▶ [EXERCISE PROMPT]: Tally the lines of the data below that contain the string "against". Give the tally and nothing else.

[Collection entries]
================================

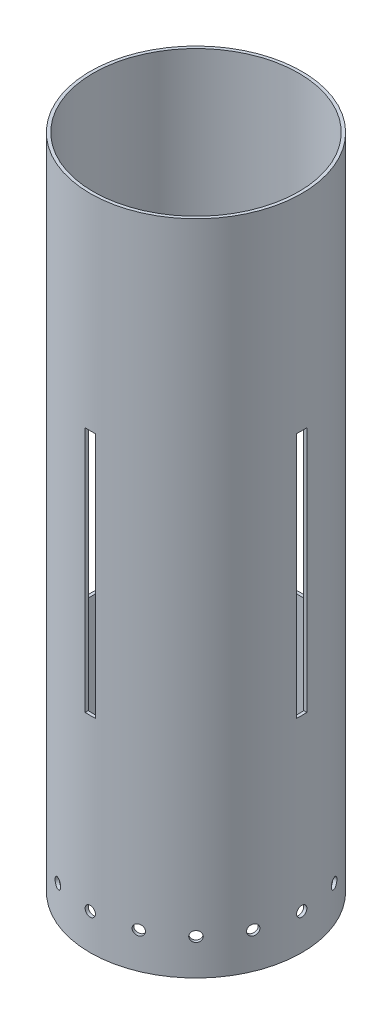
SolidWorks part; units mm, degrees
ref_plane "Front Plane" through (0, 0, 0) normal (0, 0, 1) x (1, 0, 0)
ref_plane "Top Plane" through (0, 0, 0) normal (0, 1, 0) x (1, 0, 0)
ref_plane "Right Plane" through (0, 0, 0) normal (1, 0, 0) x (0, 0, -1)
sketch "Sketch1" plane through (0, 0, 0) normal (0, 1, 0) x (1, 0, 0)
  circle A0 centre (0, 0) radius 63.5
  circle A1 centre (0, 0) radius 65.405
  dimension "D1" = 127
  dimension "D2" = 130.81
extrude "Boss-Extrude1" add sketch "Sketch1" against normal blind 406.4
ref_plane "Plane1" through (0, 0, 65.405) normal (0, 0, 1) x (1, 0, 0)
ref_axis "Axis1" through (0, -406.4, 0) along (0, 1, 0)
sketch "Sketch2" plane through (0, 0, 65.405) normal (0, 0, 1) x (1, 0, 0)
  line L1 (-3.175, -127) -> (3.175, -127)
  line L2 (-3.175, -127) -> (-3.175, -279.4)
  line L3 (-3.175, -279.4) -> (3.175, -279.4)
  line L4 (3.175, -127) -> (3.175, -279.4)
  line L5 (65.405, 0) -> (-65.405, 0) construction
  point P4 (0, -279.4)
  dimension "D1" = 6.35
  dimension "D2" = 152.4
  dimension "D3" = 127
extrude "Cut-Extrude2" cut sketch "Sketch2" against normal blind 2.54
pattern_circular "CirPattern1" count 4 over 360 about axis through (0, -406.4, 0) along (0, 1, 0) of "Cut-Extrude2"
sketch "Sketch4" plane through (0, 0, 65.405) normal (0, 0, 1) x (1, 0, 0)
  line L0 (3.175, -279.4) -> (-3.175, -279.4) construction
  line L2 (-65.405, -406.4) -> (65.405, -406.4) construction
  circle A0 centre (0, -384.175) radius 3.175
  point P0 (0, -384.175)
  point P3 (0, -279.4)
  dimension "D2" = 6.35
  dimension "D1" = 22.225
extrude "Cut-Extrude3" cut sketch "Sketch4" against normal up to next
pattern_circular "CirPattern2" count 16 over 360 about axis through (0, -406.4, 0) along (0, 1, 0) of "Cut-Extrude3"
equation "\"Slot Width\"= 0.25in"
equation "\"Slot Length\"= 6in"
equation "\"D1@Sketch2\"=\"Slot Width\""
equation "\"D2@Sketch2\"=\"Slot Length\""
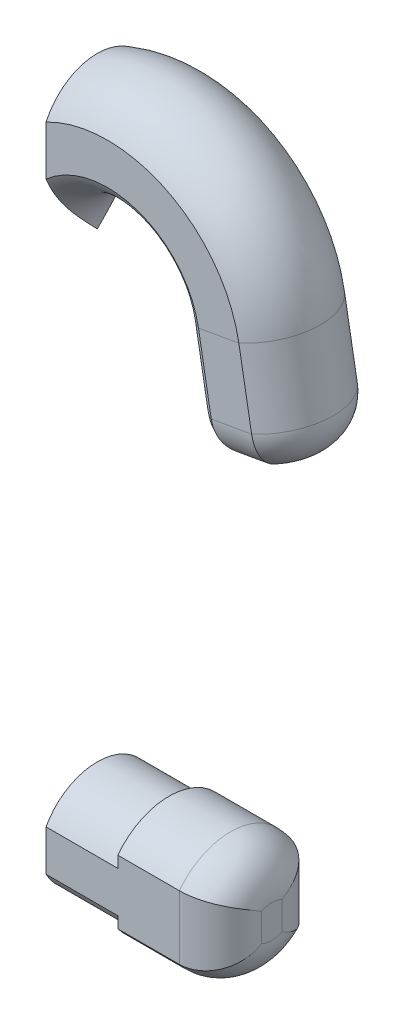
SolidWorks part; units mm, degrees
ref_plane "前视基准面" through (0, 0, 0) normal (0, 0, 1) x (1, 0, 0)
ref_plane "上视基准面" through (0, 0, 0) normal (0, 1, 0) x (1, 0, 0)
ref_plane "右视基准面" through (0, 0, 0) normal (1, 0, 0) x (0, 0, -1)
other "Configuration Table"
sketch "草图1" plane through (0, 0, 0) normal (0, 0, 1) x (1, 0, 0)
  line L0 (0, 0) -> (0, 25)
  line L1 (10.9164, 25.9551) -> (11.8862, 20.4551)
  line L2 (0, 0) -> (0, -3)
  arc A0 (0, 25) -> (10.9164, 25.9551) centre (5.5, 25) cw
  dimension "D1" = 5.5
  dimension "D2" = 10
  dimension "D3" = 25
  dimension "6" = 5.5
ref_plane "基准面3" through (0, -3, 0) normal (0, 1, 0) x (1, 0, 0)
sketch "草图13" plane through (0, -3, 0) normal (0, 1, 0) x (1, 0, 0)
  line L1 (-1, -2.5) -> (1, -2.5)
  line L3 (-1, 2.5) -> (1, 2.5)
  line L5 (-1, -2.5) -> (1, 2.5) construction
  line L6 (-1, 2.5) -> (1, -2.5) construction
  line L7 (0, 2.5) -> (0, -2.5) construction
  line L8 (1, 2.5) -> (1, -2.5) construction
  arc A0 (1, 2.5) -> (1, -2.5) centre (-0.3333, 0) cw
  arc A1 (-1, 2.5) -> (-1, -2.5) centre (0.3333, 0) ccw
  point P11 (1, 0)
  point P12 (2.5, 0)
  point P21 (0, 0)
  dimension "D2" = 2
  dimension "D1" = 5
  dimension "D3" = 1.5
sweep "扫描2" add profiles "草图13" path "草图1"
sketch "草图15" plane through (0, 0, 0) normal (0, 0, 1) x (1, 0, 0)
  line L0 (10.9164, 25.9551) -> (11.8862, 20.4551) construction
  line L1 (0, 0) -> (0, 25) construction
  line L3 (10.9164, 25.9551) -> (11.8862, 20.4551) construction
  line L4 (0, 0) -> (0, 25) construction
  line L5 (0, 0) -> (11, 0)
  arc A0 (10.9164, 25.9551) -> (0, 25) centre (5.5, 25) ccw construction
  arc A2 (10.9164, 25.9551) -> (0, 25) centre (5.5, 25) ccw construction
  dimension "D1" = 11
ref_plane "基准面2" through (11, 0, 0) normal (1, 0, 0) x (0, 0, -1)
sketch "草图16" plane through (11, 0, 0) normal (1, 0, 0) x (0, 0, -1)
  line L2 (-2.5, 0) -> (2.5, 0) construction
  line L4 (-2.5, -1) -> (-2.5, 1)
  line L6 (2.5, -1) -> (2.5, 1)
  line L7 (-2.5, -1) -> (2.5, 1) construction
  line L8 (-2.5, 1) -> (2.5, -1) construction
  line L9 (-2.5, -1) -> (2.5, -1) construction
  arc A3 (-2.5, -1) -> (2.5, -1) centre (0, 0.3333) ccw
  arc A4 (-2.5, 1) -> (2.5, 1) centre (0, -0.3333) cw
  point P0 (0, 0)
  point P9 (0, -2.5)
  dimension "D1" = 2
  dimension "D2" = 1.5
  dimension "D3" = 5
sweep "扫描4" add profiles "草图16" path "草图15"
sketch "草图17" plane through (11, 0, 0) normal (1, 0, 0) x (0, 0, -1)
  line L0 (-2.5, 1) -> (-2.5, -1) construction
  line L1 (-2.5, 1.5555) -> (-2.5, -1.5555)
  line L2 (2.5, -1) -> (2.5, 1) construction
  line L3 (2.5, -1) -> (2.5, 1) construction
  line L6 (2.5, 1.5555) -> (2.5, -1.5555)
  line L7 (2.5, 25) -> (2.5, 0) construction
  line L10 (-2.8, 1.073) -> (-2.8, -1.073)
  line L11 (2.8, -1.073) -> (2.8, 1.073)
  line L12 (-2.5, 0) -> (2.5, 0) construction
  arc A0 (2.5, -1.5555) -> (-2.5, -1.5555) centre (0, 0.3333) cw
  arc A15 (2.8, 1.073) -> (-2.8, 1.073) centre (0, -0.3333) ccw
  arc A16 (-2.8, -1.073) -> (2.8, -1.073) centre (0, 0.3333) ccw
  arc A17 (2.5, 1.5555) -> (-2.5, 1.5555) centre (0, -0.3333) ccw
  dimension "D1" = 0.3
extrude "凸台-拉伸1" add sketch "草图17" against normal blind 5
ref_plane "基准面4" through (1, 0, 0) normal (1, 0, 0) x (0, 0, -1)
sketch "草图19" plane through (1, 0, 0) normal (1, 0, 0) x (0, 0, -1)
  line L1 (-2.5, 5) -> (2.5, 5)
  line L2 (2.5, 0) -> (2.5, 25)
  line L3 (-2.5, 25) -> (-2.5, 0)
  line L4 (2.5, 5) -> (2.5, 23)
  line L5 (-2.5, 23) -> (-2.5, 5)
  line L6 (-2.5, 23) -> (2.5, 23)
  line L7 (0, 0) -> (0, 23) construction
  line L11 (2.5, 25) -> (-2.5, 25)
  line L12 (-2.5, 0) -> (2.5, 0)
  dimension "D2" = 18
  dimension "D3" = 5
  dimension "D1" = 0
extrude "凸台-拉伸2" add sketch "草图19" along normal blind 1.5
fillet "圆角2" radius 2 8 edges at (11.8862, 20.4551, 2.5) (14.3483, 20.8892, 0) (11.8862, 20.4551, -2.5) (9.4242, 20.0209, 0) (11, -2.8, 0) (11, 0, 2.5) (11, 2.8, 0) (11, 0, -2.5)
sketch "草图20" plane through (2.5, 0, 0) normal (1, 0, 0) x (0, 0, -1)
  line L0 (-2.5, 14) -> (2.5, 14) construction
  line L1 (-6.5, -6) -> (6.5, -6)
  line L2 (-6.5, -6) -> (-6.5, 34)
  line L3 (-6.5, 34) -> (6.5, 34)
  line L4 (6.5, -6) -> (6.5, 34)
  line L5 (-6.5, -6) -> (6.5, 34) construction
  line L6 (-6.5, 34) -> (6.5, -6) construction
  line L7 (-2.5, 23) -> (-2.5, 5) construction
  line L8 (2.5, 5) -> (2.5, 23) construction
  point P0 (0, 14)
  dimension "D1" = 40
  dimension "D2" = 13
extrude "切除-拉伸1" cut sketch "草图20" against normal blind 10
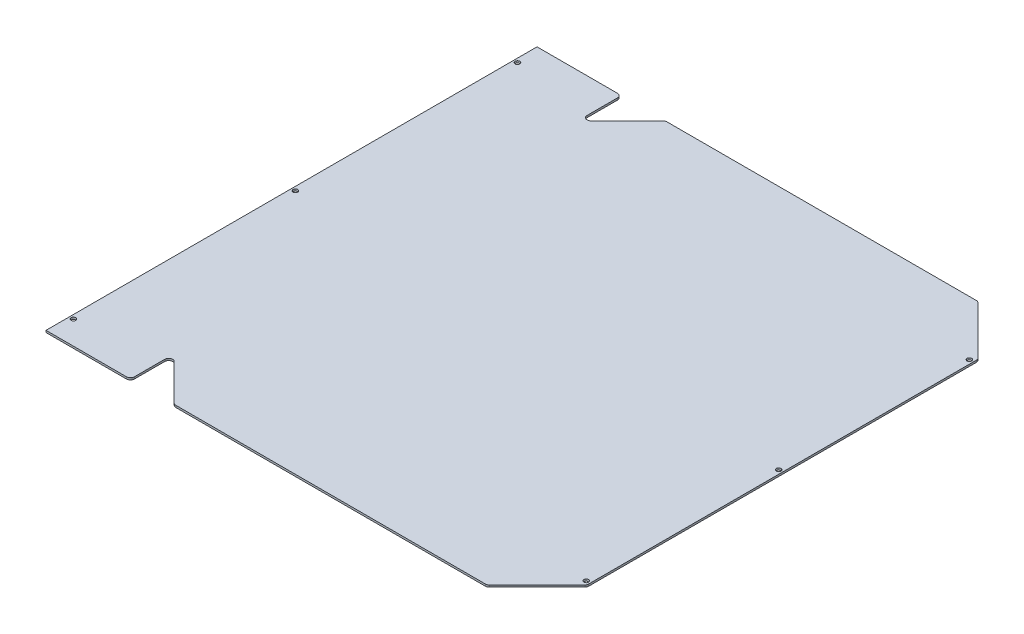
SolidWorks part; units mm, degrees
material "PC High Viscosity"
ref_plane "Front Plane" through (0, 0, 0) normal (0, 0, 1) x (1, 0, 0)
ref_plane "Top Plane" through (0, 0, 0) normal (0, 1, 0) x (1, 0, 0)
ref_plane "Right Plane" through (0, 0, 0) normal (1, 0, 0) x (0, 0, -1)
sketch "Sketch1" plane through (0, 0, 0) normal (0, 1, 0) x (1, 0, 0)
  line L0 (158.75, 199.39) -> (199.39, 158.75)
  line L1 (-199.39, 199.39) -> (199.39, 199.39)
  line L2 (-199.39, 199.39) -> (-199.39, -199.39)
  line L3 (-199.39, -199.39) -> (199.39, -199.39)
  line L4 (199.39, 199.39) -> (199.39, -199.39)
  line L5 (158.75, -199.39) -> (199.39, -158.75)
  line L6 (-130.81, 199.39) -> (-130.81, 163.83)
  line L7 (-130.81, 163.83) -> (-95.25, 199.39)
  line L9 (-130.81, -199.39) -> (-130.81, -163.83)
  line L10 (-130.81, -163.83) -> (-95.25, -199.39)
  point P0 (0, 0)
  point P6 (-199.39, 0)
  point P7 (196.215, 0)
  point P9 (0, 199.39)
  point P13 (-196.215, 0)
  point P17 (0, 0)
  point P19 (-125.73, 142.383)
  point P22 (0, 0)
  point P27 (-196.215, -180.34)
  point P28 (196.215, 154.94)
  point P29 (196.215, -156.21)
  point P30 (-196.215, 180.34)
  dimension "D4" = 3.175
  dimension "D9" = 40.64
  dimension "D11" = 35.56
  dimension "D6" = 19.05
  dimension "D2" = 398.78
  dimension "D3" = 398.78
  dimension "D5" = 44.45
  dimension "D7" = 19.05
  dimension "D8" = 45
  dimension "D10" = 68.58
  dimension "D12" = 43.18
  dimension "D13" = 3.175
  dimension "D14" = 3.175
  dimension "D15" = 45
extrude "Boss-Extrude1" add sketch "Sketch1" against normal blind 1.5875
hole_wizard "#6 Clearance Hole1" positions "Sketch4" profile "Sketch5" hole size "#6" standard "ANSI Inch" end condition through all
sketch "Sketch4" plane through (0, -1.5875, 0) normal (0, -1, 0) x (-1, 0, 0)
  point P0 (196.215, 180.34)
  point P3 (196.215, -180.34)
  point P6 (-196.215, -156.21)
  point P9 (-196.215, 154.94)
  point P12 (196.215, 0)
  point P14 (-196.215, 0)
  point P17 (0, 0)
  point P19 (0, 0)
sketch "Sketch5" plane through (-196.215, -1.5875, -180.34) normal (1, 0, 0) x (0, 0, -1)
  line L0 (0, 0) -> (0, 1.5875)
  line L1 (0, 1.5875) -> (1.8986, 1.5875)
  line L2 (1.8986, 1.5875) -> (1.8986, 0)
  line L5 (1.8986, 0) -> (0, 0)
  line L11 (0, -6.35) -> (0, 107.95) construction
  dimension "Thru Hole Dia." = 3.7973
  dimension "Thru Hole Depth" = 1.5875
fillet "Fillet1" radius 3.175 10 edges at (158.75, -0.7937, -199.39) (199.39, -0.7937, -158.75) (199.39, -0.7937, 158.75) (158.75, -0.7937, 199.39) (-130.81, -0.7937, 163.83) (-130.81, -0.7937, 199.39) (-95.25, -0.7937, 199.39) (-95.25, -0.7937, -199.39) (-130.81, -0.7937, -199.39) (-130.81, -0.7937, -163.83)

================================

▶ [EXERCISE ANSWER]: 6